WORK TO COMPLETE: Print every line of the material below exactly as it stands, but omit the pictures.

---

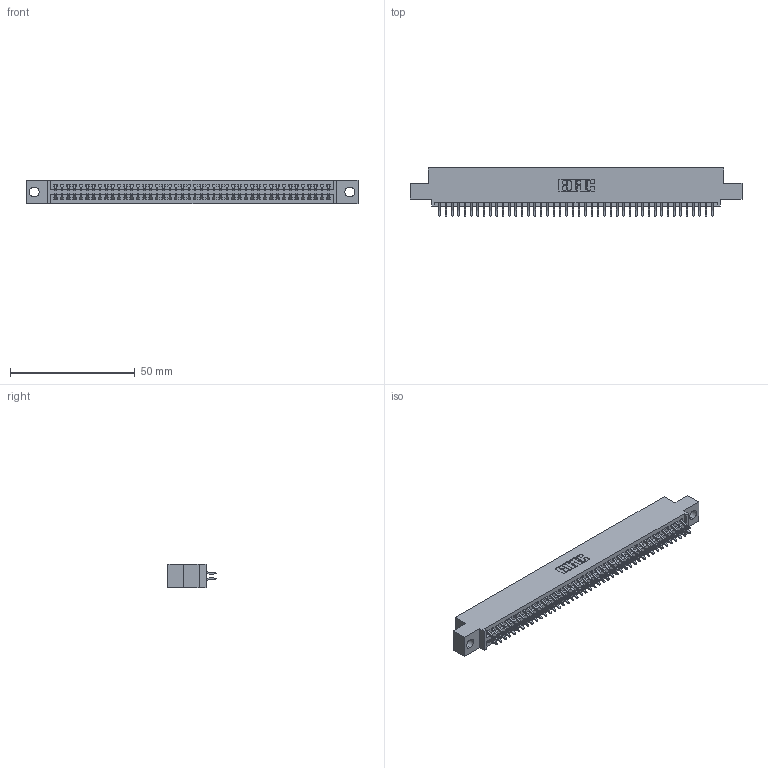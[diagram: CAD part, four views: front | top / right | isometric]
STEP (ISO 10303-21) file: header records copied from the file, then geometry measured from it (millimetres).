
FILE_DESCRIPTION (( 'STEP AP203' ), '1' );
FILE_NAME ('345-088-556-504.STEP', '2018-10-04T14:46:50', ( '' ), ( '' ), 'SwSTEP 2.0', 'SolidWorks 2016', '' );
FILE_SCHEMA (( 'CONFIG_CONTROL_DESIGN' ));
Length unit declared in the file: inch
Products named in the file (3): 345-088-556-504; 345-292-001_556 Tail; 345 Part_0.110 Offset - 0.156 Dia-TH
Assembly tree (89 placements, depth 2):
  345-088-556-504
    345 Part_0.110 Offset - 0.156 Dia-TH
    345-292-001_556 Tail  x88
Bounding box: 132.97 x 19.24 x 9.4 mm (x, y, z)
Volume: 12770.6 mm3; surface area: 18746.8 mm2
Topology: 89 solids, 89 shells, 5058 faces, 15049 edges, 9914 vertices
Faces by surface type: plane 3340, cylinder 1718
Entity records: 34609 total; most frequent: CARTESIAN_POINT 5816, ORIENTED_EDGE 5738, DIRECTION 5113, EDGE_CURVE 2869, VECTOR 2553, LINE 2553, VERTEX_POINT 1910, AXIS2_PLACEMENT_3D 1280

---

RESPONSE FOR THIS EXERCISE:
[diagram: CAD part, four views: front | top / right | isometric]
STEP (ISO 10303-21) file: header records copied from the file, then geometry measured from it (millimetres).
FILE_DESCRIPTION (( 'STEP AP203' ), '1' );
FILE_NAME ('345-088-556-504.STEP', '2018-10-04T14:46:50', ( '' ), ( '' ), 'SwSTEP 2.0', 'SolidWorks 2016', '' );
FILE_SCHEMA (( 'CONFIG_CONTROL_DESIGN' ));
Length unit declared in the file: inch
Products named in the file (3): 345-088-556-504; 345-292-001_556 Tail; 345 Part_0.110 Offset - 0.156 Dia-TH
Assembly tree (89 placements, depth 2):
  345-088-556-504
    345 Part_0.110 Offset - 0.156 Dia-TH
    345-292-001_556 Tail  x88
Bounding box: 132.97 x 19.24 x 9.4 mm (x, y, z)
Volume: 12770.6 mm3; surface area: 18746.8 mm2
Topology: 89 solids, 89 shells, 5058 faces, 15049 edges, 9914 vertices
Faces by surface type: plane 3340, cylinder 1718
Entity records: 34609 total; most frequent: CARTESIAN_POINT 5816, ORIENTED_EDGE 5738, DIRECTION 5113, EDGE_CURVE 2869, VECTOR 2553, LINE 2553, VERTEX_POINT 1910, AXIS2_PLACEMENT_3D 1280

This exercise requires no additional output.